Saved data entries
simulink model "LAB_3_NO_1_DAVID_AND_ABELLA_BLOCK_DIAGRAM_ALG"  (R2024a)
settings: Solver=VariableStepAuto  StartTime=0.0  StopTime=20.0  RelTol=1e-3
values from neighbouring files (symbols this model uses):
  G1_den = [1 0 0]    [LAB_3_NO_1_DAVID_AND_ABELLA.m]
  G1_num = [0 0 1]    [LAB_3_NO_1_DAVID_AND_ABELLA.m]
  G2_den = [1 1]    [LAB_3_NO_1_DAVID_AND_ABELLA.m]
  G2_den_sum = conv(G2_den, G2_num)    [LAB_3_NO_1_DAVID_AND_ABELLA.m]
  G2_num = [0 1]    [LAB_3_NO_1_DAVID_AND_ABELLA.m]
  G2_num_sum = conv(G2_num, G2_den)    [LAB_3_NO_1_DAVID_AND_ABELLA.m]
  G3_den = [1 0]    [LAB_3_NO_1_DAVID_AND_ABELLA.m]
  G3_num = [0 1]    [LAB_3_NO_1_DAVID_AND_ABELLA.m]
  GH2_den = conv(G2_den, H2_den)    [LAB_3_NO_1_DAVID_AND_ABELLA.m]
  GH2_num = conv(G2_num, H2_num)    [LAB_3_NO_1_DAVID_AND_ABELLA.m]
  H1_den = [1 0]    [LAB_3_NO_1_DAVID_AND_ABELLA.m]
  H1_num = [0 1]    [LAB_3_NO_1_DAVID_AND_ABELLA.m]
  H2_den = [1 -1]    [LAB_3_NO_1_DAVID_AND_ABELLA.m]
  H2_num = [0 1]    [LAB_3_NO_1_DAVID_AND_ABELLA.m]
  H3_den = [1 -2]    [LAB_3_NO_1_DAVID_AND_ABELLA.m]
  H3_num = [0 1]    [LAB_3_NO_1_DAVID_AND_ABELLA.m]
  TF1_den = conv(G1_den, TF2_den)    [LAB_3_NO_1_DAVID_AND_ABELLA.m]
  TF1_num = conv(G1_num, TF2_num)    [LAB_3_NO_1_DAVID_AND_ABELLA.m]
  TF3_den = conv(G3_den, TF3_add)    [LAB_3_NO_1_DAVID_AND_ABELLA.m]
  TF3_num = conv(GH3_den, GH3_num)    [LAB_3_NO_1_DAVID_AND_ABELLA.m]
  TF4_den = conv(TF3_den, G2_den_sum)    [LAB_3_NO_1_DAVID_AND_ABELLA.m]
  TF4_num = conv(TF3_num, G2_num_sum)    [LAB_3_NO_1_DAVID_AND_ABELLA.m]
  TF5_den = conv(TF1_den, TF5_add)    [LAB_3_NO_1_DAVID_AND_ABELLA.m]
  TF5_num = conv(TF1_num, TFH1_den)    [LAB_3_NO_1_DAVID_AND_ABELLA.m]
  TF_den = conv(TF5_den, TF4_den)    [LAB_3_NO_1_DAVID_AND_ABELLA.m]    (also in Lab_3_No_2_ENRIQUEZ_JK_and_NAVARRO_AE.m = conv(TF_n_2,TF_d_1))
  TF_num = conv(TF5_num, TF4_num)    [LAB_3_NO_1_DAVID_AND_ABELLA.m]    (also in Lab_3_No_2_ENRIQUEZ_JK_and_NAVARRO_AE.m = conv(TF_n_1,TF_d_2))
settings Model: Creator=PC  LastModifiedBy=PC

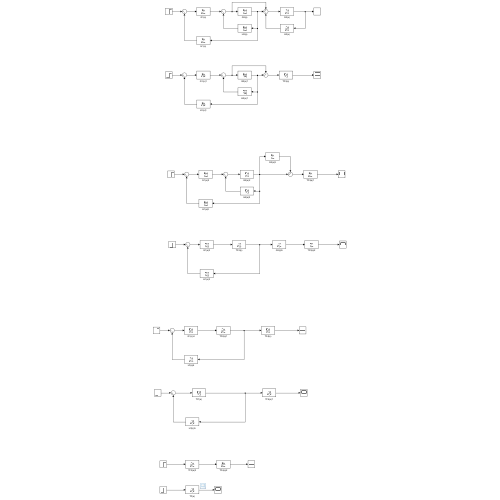
[thumbnail: Simulink's stored preview of the top-level diagram]
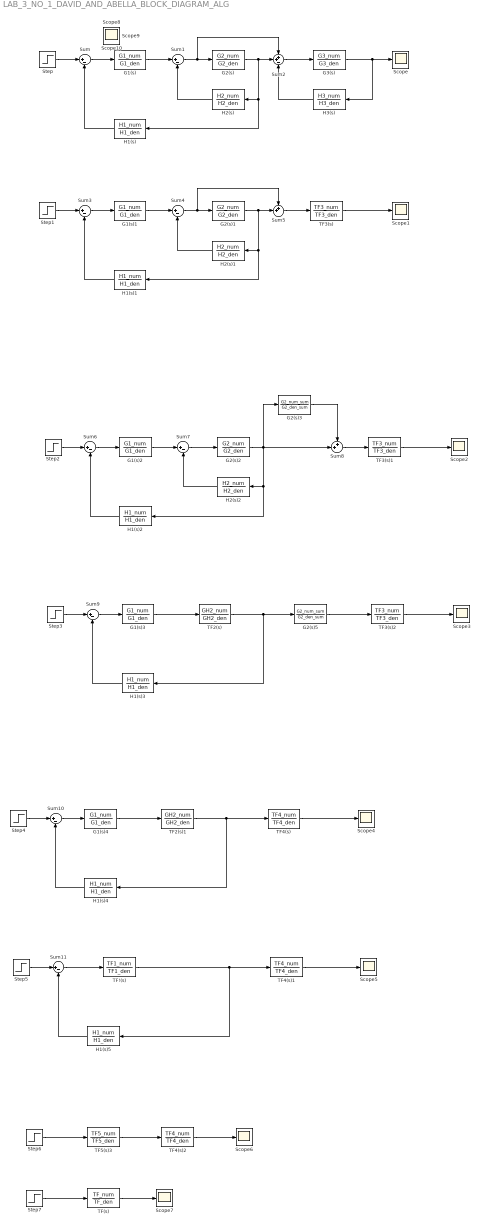
== system LAB_3_NO_1_DAVID_AND_ABELLA_BLOCK_DIAGRAM_ALG ==
  G1(s){,1..4} (5 alike) : TransferFcn  Numerator=G1_num  Denominator=G1_den
  G2(s) : TransferFcn  Numerator=G2_num  Denominator=G2_den
  G2(s)1 : TransferFcn  Numerator=G2_num  Denominator=G2_den
  G2(s)2 : TransferFcn  Numerator=G2_num  Denominator=G2_den
  G2(s)3 : TransferFcn  Numerator=G2_num_sum  Denominator=G2_den_sum
  G2(s)5 : TransferFcn  Numerator=G2_num_sum  Denominator=G2_den_sum
  G3(s) : TransferFcn  Numerator=G3_num  Denominator=G3_den
  H1(s){,1..5} (6 alike) : TransferFcn  Numerator=H1_num  Denominator=H1_den
  H2(s) : TransferFcn  Numerator=H2_num  Denominator=H2_den
  H2(s)1 : TransferFcn  Numerator=H2_num  Denominator=H2_den
  H2(s)2 : TransferFcn  Numerator=H2_num  Denominator=H2_den
  H3(s) : TransferFcn  Numerator=H3_num  Denominator=H3_den
  Scope{,1..10} (11 alike) : Scope
  Step{,1..6} (7 alike) : Step  SampleTime=0
  Step7 : Step  Time=0  Before=0.1  SampleTime=0
  Sum{,1,3..4,6..7,9..11} (9 alike) : Sum  Inputs=|+-
  Sum2 : Sum  Inputs=++-
  Sum5 : Sum  Inputs=++|
  Sum8 : Sum  Inputs=++|
  TF!(s) : TransferFcn  Numerator=TF1_num  Denominator=TF1_den
  TF(s) : TransferFcn  Numerator=TF_num  Denominator=TF_den
  TF2(s) : TransferFcn  Numerator=GH2_num  Denominator=GH2_den
  TF2(s)1 : TransferFcn  Numerator=GH2_num  Denominator=GH2_den
  TF3(s) : TransferFcn  Numerator=TF3_num  Denominator=TF3_den
  TF3(s)1 : TransferFcn  Numerator=TF3_num  Denominator=TF3_den
  TF3(s)2 : TransferFcn  Numerator=TF3_num  Denominator=TF3_den
  TF4(s) : TransferFcn  Numerator=TF4_num  Denominator=TF4_den
  TF4(s)1 : TransferFcn  Numerator=TF4_num  Denominator=TF4_den
  TF4(s)2 : TransferFcn  Numerator=TF4_num  Denominator=TF4_den
  TF5(s)3 : TransferFcn  Numerator=TF5_num  Denominator=TF5_den
  wires:
  G3(s)/1 -> H3(s)/1, Scope/1
  Step/1 -> Sum/1
  Sum/1 -> G1(s)/1
  G1(s)/1 -> Sum1/1
  Sum1/1 -> Sum2/1, G2(s)/1
  G2(s)/1 -> H1(s)/1, H2(s)/1, Sum2/2
  Sum2/1 -> G3(s)/1
  H3(s)/1 -> Sum2/3
  H2(s)/1 -> Sum1/2
  H1(s)/1 -> Sum/2
  Sum3/1 -> G1(s)1/1
  G2(s)1/1 -> Sum5/2, H1(s)1/1, H2(s)1/1
  H1(s)1/1 -> Sum3/2
  H2(s)1/1 -> Sum4/2
  Sum4/1 -> Sum5/1, G2(s)1/1
  Step1/1 -> Sum3/1
  G1(s)1/1 -> Sum4/1
  Sum5/1 -> TF3(s)/1
  TF3(s)/1 -> Scope1/1
  Sum8/1 -> TF3(s)1/1
  Sum6/1 -> G1(s)2/1
  G1(s)2/1 -> Sum7/1
  Step2/1 -> Sum6/1
  Sum7/1 -> G2(s)2/1
  H1(s)2/1 -> Sum6/2
  G2(s)2/1 -> G2(s)3/1, Sum8/2, H1(s)2/1, H2(s)2/1
  H2(s)2/1 -> Sum7/2
  TF3(s)1/1 -> Scope2/1
  G2(s)3/1 -> Sum8/1
  TF3(s)2/1 -> Scope3/1
  Sum9/1 -> G1(s)3/1
  H1(s)3/1 -> Sum9/2
  Step3/1 -> Sum9/1
  G2(s)5/1 -> TF3(s)2/1
  TF2(s)/1 -> H1(s)3/1, G2(s)5/1
  G1(s)3/1 -> TF2(s)/1
  H1(s)4/1 -> Sum10/2
  Step4/1 -> Sum10/1
  G1(s)4/1 -> TF2(s)1/1
  Sum10/1 -> G1(s)4/1
  TF2(s)1/1 -> TF4(s)/1, H1(s)4/1
  TF4(s)/1 -> Scope4/1
  TF4(s)1/1 -> Scope5/1
  TF!(s)/1 -> TF4(s)1/1, H1(s)5/1
  H1(s)5/1 -> Sum11/2
  Sum11/1 -> TF!(s)/1
  Step5/1 -> Sum11/1
  TF4(s)2/1 -> Scope6/1
  Step6/1 -> TF5(s)3/1
  TF5(s)3/1 -> TF4(s)2/1
  Step7/1 -> TF(s)/1
  TF(s)/1 -> Scope7/1

## TASK TO CARRY OUT
Find "G1_num = [0" in the entries above and copy that whole line exactly, then each line after it through the line that contains "H3_num = [0".

## THE ANSWER
  G1_num = [0 0 1]    [LAB_3_NO_1_DAVID_AND_ABELLA.m]
  G2_den = [1 1]    [LAB_3_NO_1_DAVID_AND_ABELLA.m]
  G2_den_sum = conv(G2_den, G2_num)    [LAB_3_NO_1_DAVID_AND_ABELLA.m]
  G2_num = [0 1]    [LAB_3_NO_1_DAVID_AND_ABELLA.m]
  G2_num_sum = conv(G2_num, G2_den)    [LAB_3_NO_1_DAVID_AND_ABELLA.m]
  G3_den = [1 0]    [LAB_3_NO_1_DAVID_AND_ABELLA.m]
  G3_num = [0 1]    [LAB_3_NO_1_DAVID_AND_ABELLA.m]
  GH2_den = conv(G2_den, H2_den)    [LAB_3_NO_1_DAVID_AND_ABELLA.m]
  GH2_num = conv(G2_num, H2_num)    [LAB_3_NO_1_DAVID_AND_ABELLA.m]
  H1_den = [1 0]    [LAB_3_NO_1_DAVID_AND_ABELLA.m]
  H1_num = [0 1]    [LAB_3_NO_1_DAVID_AND_ABELLA.m]
  H2_den = [1 -1]    [LAB_3_NO_1_DAVID_AND_ABELLA.m]
  H2_num = [0 1]    [LAB_3_NO_1_DAVID_AND_ABELLA.m]
  H3_den = [1 -2]    [LAB_3_NO_1_DAVID_AND_ABELLA.m]
  H3_num = [0 1]    [LAB_3_NO_1_DAVID_AND_ABELLA.m]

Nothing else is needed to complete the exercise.